Le titre même de l'exposition, "Picasso érotique", comme si toute l'œuvre n'était pas érotique, témoigne d'une approche racoleuse du public incité à l'excitation du voyeurisme.
Commande :
Il s'agit d'une commande de 20 affiches pour accompagner la Fête de la Musique 2001. Ce 21 juin 2001, la Fête de la Musique, initiée par Jack Lang en 1981, aura 20 ans. Dans les premières manifestations, des commandes avaient été passées à des compositeurs tels que Xenakis, Nicolas Frize ou Bernard Lubat.
En 2001, l'accent est porté essentiellement sur les variétés, les fanfares et les chorales. L'orchestre national de Jazz sera présent en raison de sa collaboration avec Claude Barthelemy (l'un des 7 lauréats), mais on aurait aimé qu'en raison même de la politique de démocratisation poursuivie par le ministère, des œuvres réputées plus difficiles d'accès soient mises à l'écoute du plus grand nombre.
Chaque année, la délégation aux Arts Plastiques confie à un artiste le soin de réaliser l'affiche de la Fête.
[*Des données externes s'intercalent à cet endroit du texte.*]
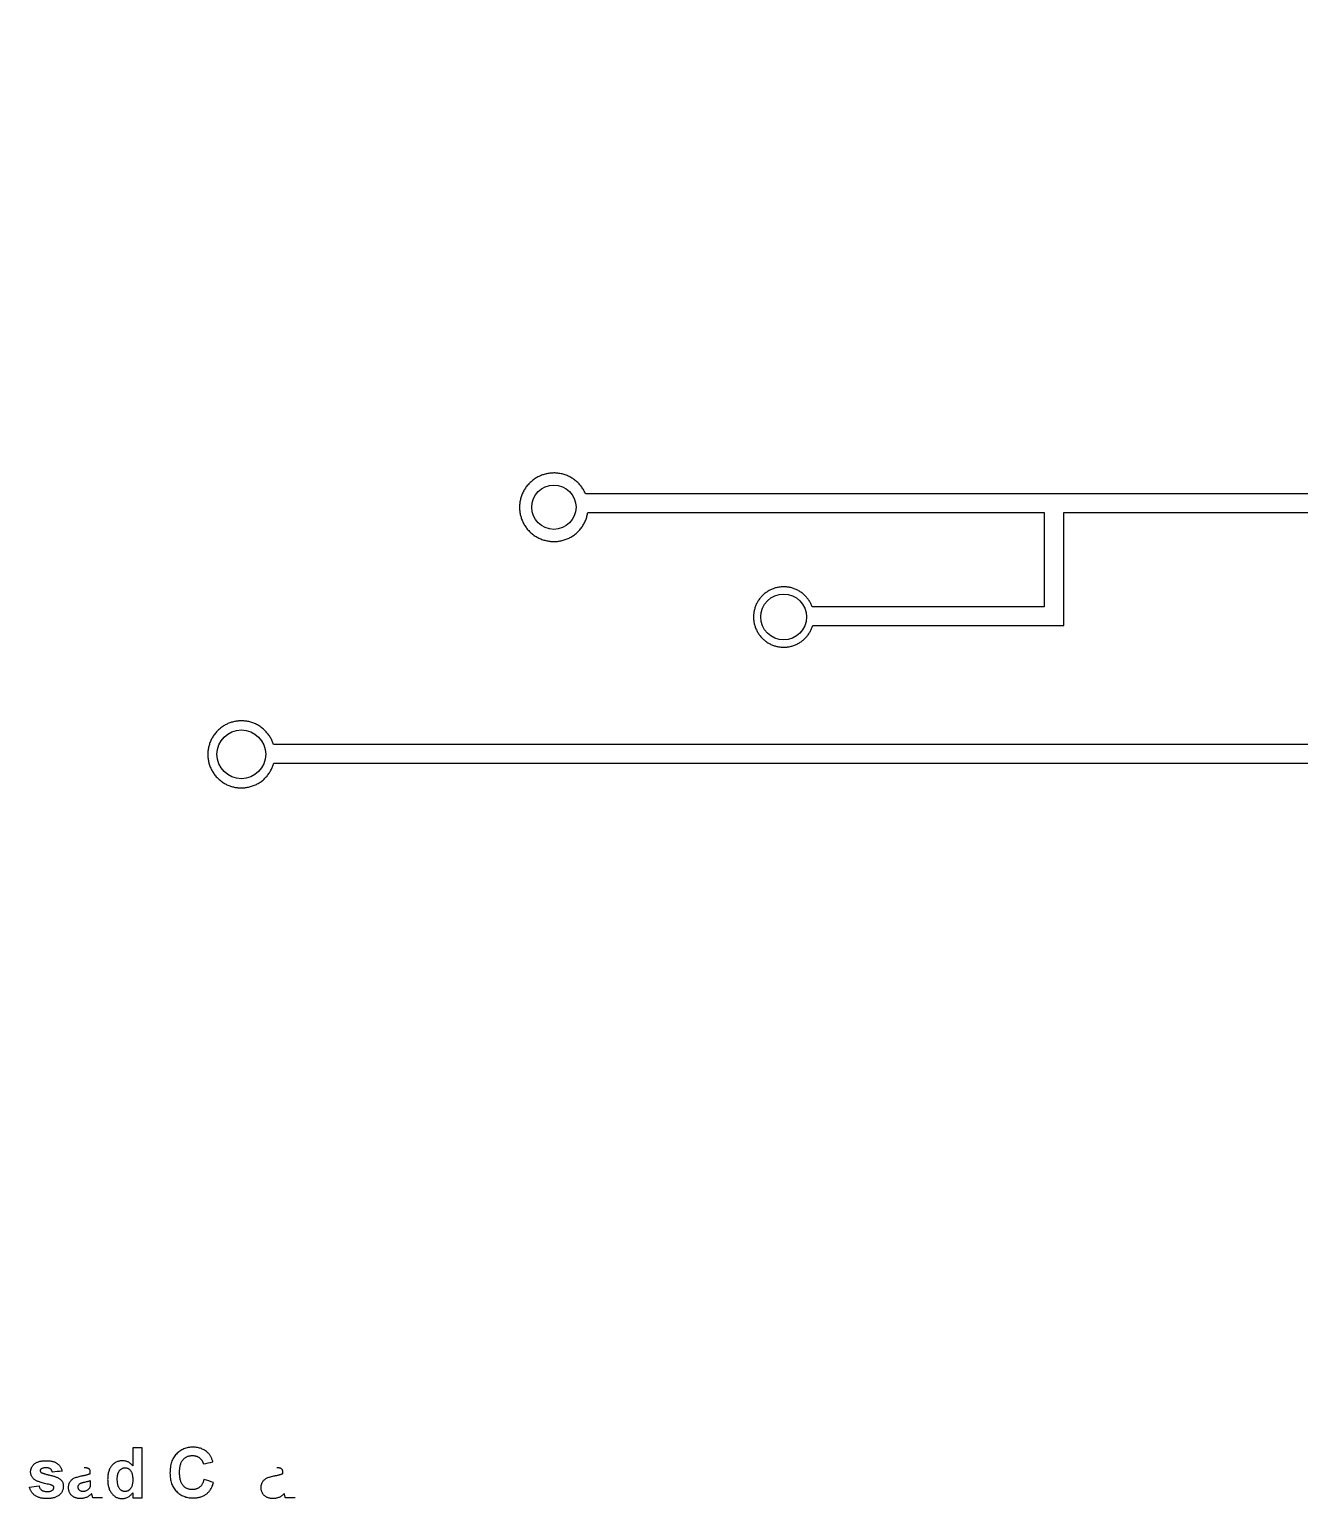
# Model space of a CAD drawing. Header units: inches. Extents: x 14.6 to 35.5, y 0.2 to 12.3.
# Drawn here: x 14.97 to 25.23, y 0.28 to 12.15 of the extents above; entities that cross this region are included whole.
import ezdxf

# ---------------------------------------------------------------- set-up
doc = ezdxf.new("R2010")
doc.units = ezdxf.units.IN
doc.header["$MEASUREMENT"] = 0

msp = doc.modelspace()

# ---------------------------------------------------------------- linework, layer by layer
at = {"color": 7, "linetype": 'Continuous', "lineweight": 25}
for centre, radius in [((19.209, 8.287), 0.179), ((21.065, 7.401), 0.185), ((16.685, 6.292), 0.197)]:
    msp.add_circle(centre, radius, dxfattribs=at)
for points, knots in [([(21.3, 7.332), (21.976, 7.332), (22.652, 7.332), (23.328, 7.332), (23.328, 7.636), (23.328, 7.941), (23.328, 8.245), (24.17, 8.245), (25.012, 8.245), (25.853, 8.245), (25.869, 8.277), (25.893, 8.327), (25.923, 8.385), (25.953, 8.441), (25.992, 8.507), (26.055, 8.603), (26.135, 8.706), (26.233, 8.805), (26.332, 8.881), (26.467, 8.955), (26.64, 9.005), (26.868, 9.007), (27.075, 8.963), (27.226, 8.912), (27.315, 8.877), (27.38, 8.849), (27.452, 8.817), (27.546, 8.775), (27.617, 8.744), (27.664, 8.723), (27.649, 8.78), (27.627, 8.866), (27.602, 8.965), (27.586, 9.023), (27.574, 9.075), (27.559, 9.141), (27.542, 9.243), (27.522, 9.415), (27.527, 9.643), (27.577, 9.889), (27.664, 10.109), (27.823, 10.367), (28.089, 10.624), (28.405, 10.783), (28.66, 10.848), (28.845, 10.865), (28.988, 10.853), (29.092, 10.828), (29.165, 10.802), (29.214, 10.777), (29.246, 10.758), (29.258, 10.75), (29.267, 10.744), (29.271, 10.741), (29.281, 10.734), (29.301, 10.72), (29.332, 10.698), (29.382, 10.663), (29.419, 10.636), (29.444, 10.618), (29.456, 10.66), (29.475, 10.723), (29.499, 10.807), (29.523, 10.888), (29.554, 10.984), (29.606, 11.129), (29.677, 11.295), (29.771, 11.469), (29.874, 11.619), (30.023, 11.789), (30.231, 11.951), (30.519, 12.077), (30.956, 12.164), (31.574, 12.132), (32.168, 11.956), (32.549, 11.763), (32.772, 11.6), (32.927, 11.429), (33.022, 11.251), (33.068, 11.091), (33.098, 10.946), (33.113, 10.871), (33.121, 10.834), (33.15, 10.834), (33.193, 10.834), (33.251, 10.834), (33.302, 10.833), (33.368, 10.83), (33.471, 10.819), (33.599, 10.797), (33.799, 10.744), (34.037, 10.65), (34.298, 10.499), (34.531, 10.321), (34.802, 10.056), (35.064, 9.689), (35.257, 9.231), (35.344, 8.782), (35.339, 8.354), (35.256, 7.955), (35.106, 7.586), (34.901, 7.252), (34.648, 6.955), (34.356, 6.704), (34.091, 6.543), (33.874, 6.451), (33.711, 6.404), (33.579, 6.384), (33.477, 6.381), (33.403, 6.385), (33.343, 6.395), (33.303, 6.405), (33.279, 6.411), (33.264, 6.416), (33.242, 6.423), (33.214, 6.432), (33.165, 6.448), (33.124, 6.462), (33.096, 6.471), (33.092, 6.446), (33.083, 6.396), (33.074, 6.34), (33.067, 6.302), (33.064, 6.279), (33.056, 6.239), (33.038, 6.161), (33.005, 6.053), (32.936, 5.889), (32.819, 5.703), (32.632, 5.513), (32.403, 5.359), (32.05, 5.204), (31.647, 5.128), (31.25, 5.13), (30.972, 5.168), (30.727, 5.241), (30.53, 5.348), (30.412, 5.461), (30.341, 5.572), (30.307, 5.653), (30.288, 5.717), (30.28, 5.752), (30.276, 5.772), (30.271, 5.795), (30.265, 5.825), (30.256, 5.873), (30.244, 5.933), (30.23, 6.005), (30.211, 6.101), (30.197, 6.173), (30.188, 6.221)], [0, 0, 0, 0, 1, 1, 1, 2, 2, 2, 3, 3, 3, 3.036869, 3.055304, 3.073739, 3.110608, 3.147478, 3.221216, 3.294955, 3.368694, 3.442433, 3.58991, 3.737388, 3.884865, 3.958604, 3.995474, 4.032343, 4.069212, 4.106082, 4.179821, 4.179821, 4.179821, 4.215602, 4.233493, 4.242439, 4.251384, 4.269275, 4.287166, 4.322948, 4.394512, 4.466076, 4.53764, 4.609204, 4.752331, 4.895459, 4.967023, 5.038587, 5.110151, 5.145933, 5.181715, 5.217496, 5.226442, 5.235387, 5.23986, 5.242097, 5.244333, 5.253278, 5.271169, 5.28906, 5.324842, 5.324842, 5.324842, 5.341444, 5.349745, 5.358046, 5.374647, 5.391249, 5.424452, 5.457655, 5.490859, 5.524062, 5.590469, 5.656875, 5.723282, 5.856095, 5.988908, 6.055314, 6.121721, 6.188128, 6.254534, 6.320941, 6.354144, 6.387347, 6.387347, 6.387347, 6.395503, 6.39958, 6.403658, 6.411814, 6.419969, 6.43628, 6.452591, 6.485213, 6.517835, 6.550457, 6.583078, 6.648322, 6.713566, 6.77881, 6.844053, 6.909297, 6.974541, 7.039785, 7.105028, 7.170272, 7.235516, 7.268138, 7.30076, 7.333382, 7.349692, 7.366003, 7.382314, 7.39047, 7.394548, 7.398625, 7.402703, 7.406781, 7.414936, 7.431247, 7.431247, 7.431247, 7.449252, 7.467258, 7.471759, 7.47626, 7.485263, 7.503268, 7.539279, 7.57529, 7.647311, 7.719332, 7.791353, 7.863375, 8.007417, 8.079438, 8.15146, 8.223481, 8.295502, 8.367524, 8.403534, 8.439545, 8.45755, 8.466553, 8.471054, 8.475555, 8.484558, 8.493561, 8.511566, 8.529571, 8.547577, 8.583587, 8.583587, 8.583587, 8.583587]), ([(15.808, 0.288), (15.808, 0.302), (15.808, 0.316), (15.808, 0.33), (15.805, 0.326), (15.799, 0.319), (15.789, 0.309), (15.779, 0.3), (15.768, 0.294), (15.756, 0.289), (15.745, 0.285), (15.733, 0.283), (15.725, 0.282), (15.721, 0.282), (15.717, 0.282), (15.709, 0.283), (15.698, 0.285), (15.687, 0.288), (15.677, 0.292), (15.667, 0.298), (15.657, 0.305), (15.648, 0.313), (15.639, 0.323), (15.631, 0.334), (15.624, 0.345), (15.618, 0.358), (15.614, 0.372), (15.61, 0.387), (15.607, 0.402), (15.606, 0.419), (15.605, 0.431), (15.605, 0.436), (15.605, 0.442), (15.606, 0.454), (15.607, 0.471), (15.61, 0.487), (15.614, 0.502), (15.618, 0.515), (15.624, 0.528), (15.631, 0.539), (15.639, 0.55), (15.648, 0.559), (15.657, 0.567), (15.667, 0.573), (15.678, 0.579), (15.689, 0.583), (15.7, 0.586), (15.713, 0.588), (15.721, 0.588), (15.725, 0.588), (15.729, 0.588), (15.737, 0.588), (15.748, 0.586), (15.759, 0.583), (15.77, 0.578), (15.78, 0.573), (15.79, 0.566), (15.799, 0.557), (15.805, 0.551), (15.808, 0.548), (15.808, 0.596), (15.808, 0.644), (15.808, 0.692), (15.834, 0.692), (15.859, 0.692), (15.885, 0.692), (15.885, 0.557), (15.885, 0.422), (15.885, 0.288), (15.859, 0.288), (15.834, 0.288), (15.808, 0.288)], [0, 0, 0, 0, 1, 1, 1, 1.142038, 1.276072, 1.405285, 1.531132, 1.652992, 1.77066, 1.885743, 2, 2, 2, 2.054293, 2.107331, 2.159975, 2.212766, 2.266043, 2.32101, 2.378316, 2.438534, 2.500423, 2.563564, 2.628243, 2.695629, 2.765933, 2.840013, 2.917891, 3, 3, 3, 3.082946, 3.160967, 3.234493, 3.303923, 3.37012, 3.433322, 3.494212, 3.553556, 3.611399, 3.667616, 3.722265, 3.776479, 3.83061, 3.885524, 3.941574, 4, 4, 4, 4.12405, 4.244401, 4.364436, 4.484227, 4.606607, 4.732719, 4.862822, 5, 5, 5, 6, 6, 6, 7, 7, 7, 8, 8, 8, 9, 9, 9, 9]), ([(16.29, 0.355), (16.292, 0.355), (16.298, 0.355), (16.306, 0.356), (16.314, 0.358), (16.321, 0.36), (16.328, 0.363), (16.335, 0.366), (16.342, 0.37), (16.348, 0.375), (16.354, 0.38), (16.36, 0.386), (16.365, 0.393), (16.369, 0.401), (16.374, 0.409), (16.377, 0.418), (16.381, 0.428), (16.382, 0.434), (16.383, 0.438), (16.409, 0.429), (16.435, 0.421), (16.461, 0.412), (16.459, 0.407), (16.456, 0.397), (16.451, 0.383), (16.444, 0.369), (16.437, 0.357), (16.429, 0.346), (16.42, 0.335), (16.411, 0.326), (16.4, 0.318), (16.39, 0.311), (16.378, 0.305), (16.365, 0.299), (16.352, 0.295), (16.338, 0.292), (16.324, 0.289), (16.309, 0.288), (16.298, 0.288), (16.293, 0.288), (16.286, 0.288), (16.273, 0.288), (16.254, 0.291), (16.236, 0.295), (16.219, 0.301), (16.203, 0.308), (16.188, 0.318), (16.173, 0.329), (16.16, 0.341), (16.148, 0.355), (16.137, 0.371), (16.128, 0.387), (16.121, 0.405), (16.115, 0.425), (16.111, 0.445), (16.109, 0.466), (16.109, 0.481), (16.108, 0.489), (16.109, 0.497), (16.109, 0.512), (16.111, 0.535), (16.115, 0.557), (16.121, 0.577), (16.128, 0.595), (16.137, 0.612), (16.147, 0.628), (16.16, 0.643), (16.173, 0.655), (16.188, 0.667), (16.203, 0.676), (16.22, 0.684), (16.237, 0.69), (16.256, 0.694), (16.275, 0.697), (16.289, 0.697), (16.296, 0.697), (16.302, 0.697), (16.313, 0.697), (16.33, 0.695), (16.347, 0.691), (16.362, 0.686), (16.377, 0.68), (16.39, 0.673), (16.403, 0.664), (16.411, 0.656), (16.415, 0.653), (16.417, 0.651), (16.422, 0.646), (16.428, 0.638), (16.434, 0.63), (16.439, 0.621), (16.444, 0.611), (16.448, 0.601), (16.452, 0.59), (16.455, 0.582), (16.456, 0.578), (16.43, 0.573), (16.404, 0.568), (16.378, 0.562), (16.377, 0.565), (16.376, 0.57), (16.373, 0.577), (16.37, 0.584), (16.367, 0.59), (16.363, 0.596), (16.358, 0.602), (16.353, 0.607), (16.347, 0.612), (16.341, 0.616), (16.335, 0.62), (16.328, 0.623), (16.321, 0.625), (16.314, 0.627), (16.306, 0.629), (16.298, 0.63), (16.293, 0.63), (16.29, 0.63), (16.286, 0.63), (16.279, 0.63), (16.268, 0.628), (16.258, 0.626), (16.248, 0.622), (16.239, 0.617), (16.23, 0.612), (16.222, 0.605), (16.215, 0.598), (16.208, 0.589), (16.202, 0.579), (16.197, 0.568), (16.193, 0.556), (16.19, 0.542), (16.188, 0.528), (16.186, 0.512), (16.186, 0.501), (16.186, 0.495), (16.186, 0.489), (16.186, 0.477), (16.188, 0.46), (16.19, 0.445), (16.193, 0.43), (16.197, 0.417), (16.202, 0.406), (16.208, 0.396), (16.215, 0.387), (16.222, 0.379), (16.23, 0.373), (16.239, 0.367), (16.248, 0.363), (16.258, 0.359), (16.268, 0.357), (16.279, 0.355), (16.286, 0.355), (16.29, 0.355)], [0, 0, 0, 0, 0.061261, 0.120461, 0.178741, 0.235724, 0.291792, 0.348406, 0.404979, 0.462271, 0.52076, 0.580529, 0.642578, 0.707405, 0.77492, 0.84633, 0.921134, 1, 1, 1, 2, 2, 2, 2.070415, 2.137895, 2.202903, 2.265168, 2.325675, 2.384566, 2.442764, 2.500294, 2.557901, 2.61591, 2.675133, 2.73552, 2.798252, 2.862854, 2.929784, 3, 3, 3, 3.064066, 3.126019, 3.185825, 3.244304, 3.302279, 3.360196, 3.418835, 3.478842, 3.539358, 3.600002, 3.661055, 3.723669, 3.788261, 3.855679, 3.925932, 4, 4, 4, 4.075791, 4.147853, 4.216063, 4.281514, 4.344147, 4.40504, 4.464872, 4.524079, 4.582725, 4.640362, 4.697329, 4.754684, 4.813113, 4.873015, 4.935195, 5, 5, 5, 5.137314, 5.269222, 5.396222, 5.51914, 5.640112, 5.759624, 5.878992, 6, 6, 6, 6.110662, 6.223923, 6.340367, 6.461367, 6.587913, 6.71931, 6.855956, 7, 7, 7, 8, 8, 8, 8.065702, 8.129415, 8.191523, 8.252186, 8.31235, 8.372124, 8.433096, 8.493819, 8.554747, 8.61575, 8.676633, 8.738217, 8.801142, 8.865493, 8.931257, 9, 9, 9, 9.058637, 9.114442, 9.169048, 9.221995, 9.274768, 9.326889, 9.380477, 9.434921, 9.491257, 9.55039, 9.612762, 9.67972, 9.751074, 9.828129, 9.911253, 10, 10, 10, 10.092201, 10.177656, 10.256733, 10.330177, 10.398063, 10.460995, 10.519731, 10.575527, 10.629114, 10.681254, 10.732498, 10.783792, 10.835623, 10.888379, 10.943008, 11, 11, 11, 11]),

Pour la 20ème édition, ce sont 20 graphistes et affichistes qui ont reçu commande, illustrant ainsi la diversité et l'invention en ce domaine.
20e Fête de la Musique, 2001
Morale de l'histoire :
Au terme de cette relation sur les actions culturelles encouragées par le ministère, on peut en déduire que c'est le patrimoine visuel et musical qui est mis en exergue et non l'art de notre temps. Un constat qui est grave de conséquence à l'intérieur, comme à l'extérieur du pays.